Step 2: Rewrite the expression: $\frac{(x - y)(x + y)}{x(y + x)} \times \frac{-2x^3}{x(y - x)}.$

Step 3: Combine the numerators and denominators: $\frac{(x - y)(x + y)(-2x^3)}{x(y + x)x(y - x)}.$

Step 4: Simplify: Cancel $x$ and common terms ($y + x$, etc.): $\frac{-2x^2(x + y)}{y - x}.$

Step 5: Simplify further by factoring out $-(x - y)$ from $y - x$: $\frac{-2x^2(x + y)}{-(x - y)} = \frac{2x^2(x + y)}{x - y}.$

Final Answer: $\frac{2x^2(x + y)}{x - y}$.

3. Simplify

$\frac{2}{2u + 3} \times \frac{3}{2u + 3} \div \frac{2}{4u^2 - 9}$

Step 1: Factorize $4u^2 - 9 = (2u + 3)(2u - 3)$.

Step 2: Rewrite the expression: $\frac{2}{2u + 3} \times \frac{3}{2u + 3} \div \frac{2}{(2u + 3)(2u - 3)}.$

Step 3: Division means multiplying by the reciprocal: $\frac{2}{2u + 3} \times \frac{3}{2u + 3} \times \frac{(2u + 3)(2u - 3)}{2}.$

Step 4: Simplify: $\frac{6(2u - 3)}{(2u + 3)^2}.$

Final Answer: $\frac{6(2u - 3)}{(2u + 3)^2}$.

4. Simplify

$\frac{x^2 - 9}{x^2 + 5x + 4} \times \frac{x^2 - 1}{x^2 + 6x + 9}$

Step 1: Factorize:

• $x^2 - 9 = (x - 3)(x + 3)$,
• $x^2 + 5x + 4 = (x + 4)(x + 1)$,
• $x^2 - 1 = (x - 1)(x + 1)$,
• $x^2 + 6x + 9 = (x + 3)(x + 3)$.

Step 2: Rewrite the expression: $\frac{(x - 3)(x + 3)}{(x + 4)(x + 1)} \times \frac{(x - 1)(x + 1)}{(x + 3)(x + 3)}.$

Step 3: Combine numerators and denominators: $\frac{(x - 3)(x + 3)(x - 1)(x + 1)}{(x + 4)(x + 1)(x + 3)(x + 3)}.$

Step 4: Cancel common terms:

• Cancel $x + 1$ and one $x + 3$: $\frac{(x - 3)(x - 1)}{(x + 4)(x + 3)}.$

Final Answer: $\frac{(x - 3)(x - 1)}{(x + 4)(x + 3)}$.
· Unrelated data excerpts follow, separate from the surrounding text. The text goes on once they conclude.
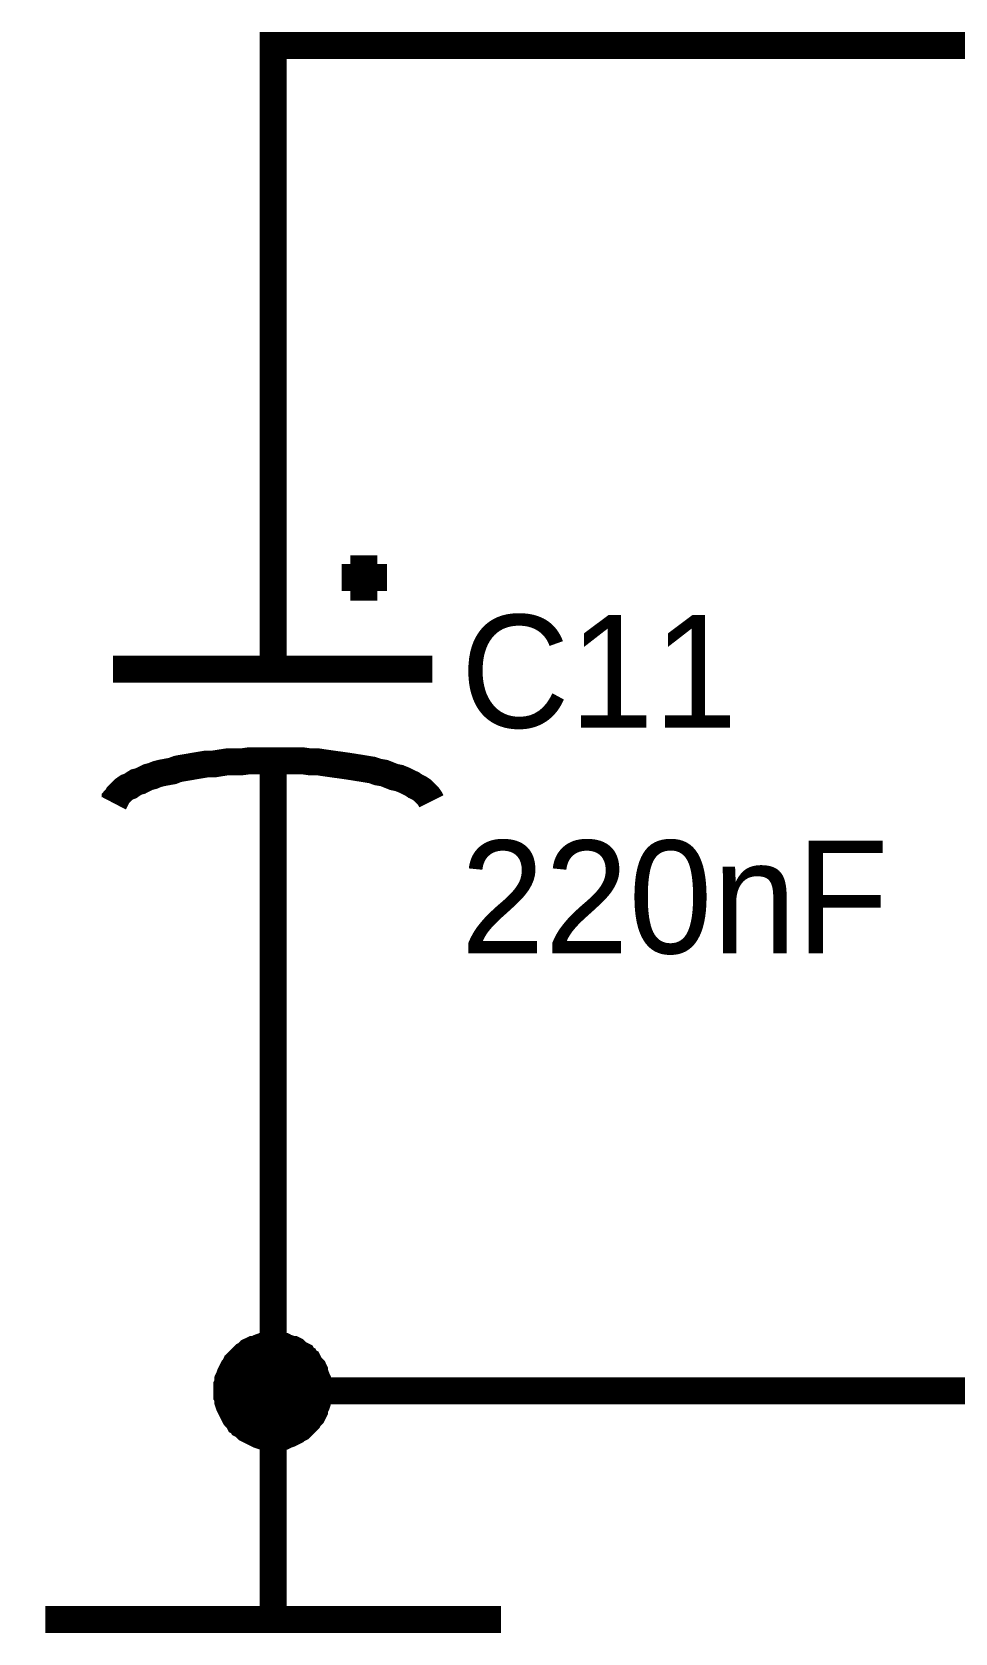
# Model space of a CAD drawing. Header units: millimetres. Extents: x 0 to 394, y 0 to 282.
# Drawn here: x 17.32 to 27.61, y 172.3 to 190.14 of the extents above; entities that cross this region are included whole.
import ezdxf

# ---------------------------------------------------------------- set-up
doc = ezdxf.new("R2010")
doc.units = ezdxf.units.MM
doc.layers.add('Sheet', color=255, linetype='Continuous')

msp = doc.modelspace()

# ---------------------------------------------------------------- linework, layer by layer
at = {"layer": 'Sheet'}
for points, const_width in [([(20.013, 185.074), (20.013, 189.993), (30.008, 189.993)], 0.3), ([(20.013, 183.041), (20.013, 185.074)], 0.3), ([(21.024, 184.31), (21.024, 183.805)], 0.3), ([(20.777, 184.063), (21.282, 184.063)], 0.3), ([(21.787, 183.041), (18.227, 183.041)], 0.3), ([(20.013, 182.03), (20.013, 179.997)], 0.3), ([(19.811, 182.019), (19.732, 182.019), (19.654, 182.008), (19.575, 182.008), (19.496, 182.008), (19.418, 181.996), (19.35, 181.985), (19.272, 181.985), (19.204, 181.974), (19.137, 181.963), (19.07, 181.951), (19.002, 181.94), (18.946, 181.929), (18.89, 181.907), (18.822, 181.895), (18.766, 181.884), (18.721, 181.873), (18.665, 181.85), (18.62, 181.839), (18.575, 181.817), (18.53, 181.794), (18.486, 181.783), (18.452, 181.761), (18.418, 181.738), (18.384, 181.727), (18.351, 181.704), (18.328, 181.682), (18.306, 181.659), (18.283, 181.637), (18.272, 181.615), (18.25, 181.592), (18.25, 181.57), (18.238, 181.547)], 0.3), ([(21.776, 181.57), (21.765, 181.592), (21.742, 181.626), (21.72, 181.648), (21.698, 181.671), (21.675, 181.693), (21.641, 181.716), (21.596, 181.738), (21.563, 181.761), (21.518, 181.783), (21.473, 181.805), (21.417, 181.828), (21.361, 181.839), (21.304, 181.862), (21.248, 181.884), (21.181, 181.895), (21.114, 181.918), (21.046, 181.929), (20.979, 181.94), (20.911, 181.951), (20.833, 181.963), (20.754, 181.974), (20.676, 181.985), (20.597, 181.996), (20.518, 182.008), (20.428, 182.008), (20.35, 182.019), (20.26, 182.019), (20.17, 182.019), (20.08, 182.019), (19.99, 182.019), (19.901, 182.019), (19.811, 182.019)], 0.3), ([(20.013, 179.997), (20.013, 175), (30.008, 175), (30.008, 179.997)], 0.3), ([(19.496, 175), (19.496, 175.022), (19.496, 175.056), (19.508, 175.078), (19.508, 175.101), (19.508, 175.123), (19.519, 175.146), (19.53, 175.179), (19.541, 175.202), (19.552, 175.224), (19.564, 175.247), (19.575, 175.258), (19.586, 175.28), (19.597, 175.303), (19.62, 175.325), (19.631, 175.336), (19.654, 175.359), (19.665, 175.37), (19.687, 175.393), (19.71, 175.404), (19.721, 175.415), (19.743, 175.438), (19.766, 175.449), (19.788, 175.46), (19.811, 175.46), (19.833, 175.471), (19.856, 175.482), (19.889, 175.494), (19.912, 175.494), (19.934, 175.494), (19.957, 175.505), (19.99, 175.505), (20.013, 175.505)], 0.3), ([(19.496, 175), (19.496, 175.022), (19.496, 175.056), (19.508, 175.078), (19.508, 175.101), (19.508, 175.123), (19.519, 175.146), (19.53, 175.179), (19.541, 175.202), (19.552, 175.224), (19.564, 175.247), (19.575, 175.258), (19.586, 175.28), (19.597, 175.303), (19.62, 175.325), (19.631, 175.336), (19.654, 175.359), (19.665, 175.37), (19.687, 175.393), (19.71, 175.404), (19.721, 175.415), (19.743, 175.438), (19.766, 175.449), (19.788, 175.46), (19.811, 175.46), (19.833, 175.471), (19.856, 175.482), (19.889, 175.494), (19.912, 175.494), (19.934, 175.494), (19.957, 175.505), (19.99, 175.505), (20.013, 175.505)], 0.3), ([(19.496, 175), (19.496, 175.022), (19.496, 175.056), (19.508, 175.078), (19.508, 175.101), (19.508, 175.123), (19.519, 175.146), (19.53, 175.179), (19.541, 175.202), (19.552, 175.224), (19.564, 175.247), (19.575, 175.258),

Do you have any specific questions or would you like further clarifications?

Related Questions

1. What is the importance of factoring in simplifying algebraic fractions?
2. How do you simplify division of fractions involving polynomials?
3. How does recognizing common terms help in simplifying expressions?
4. Can LCD methods apply to rational expressions with variables?
5. What steps ensure accuracy when simplifying complex fractions?

Tip: Always double-check your work for errors by substituting a simple value (e.g., $x = 1$) into the original and simplified expressions to see if they match.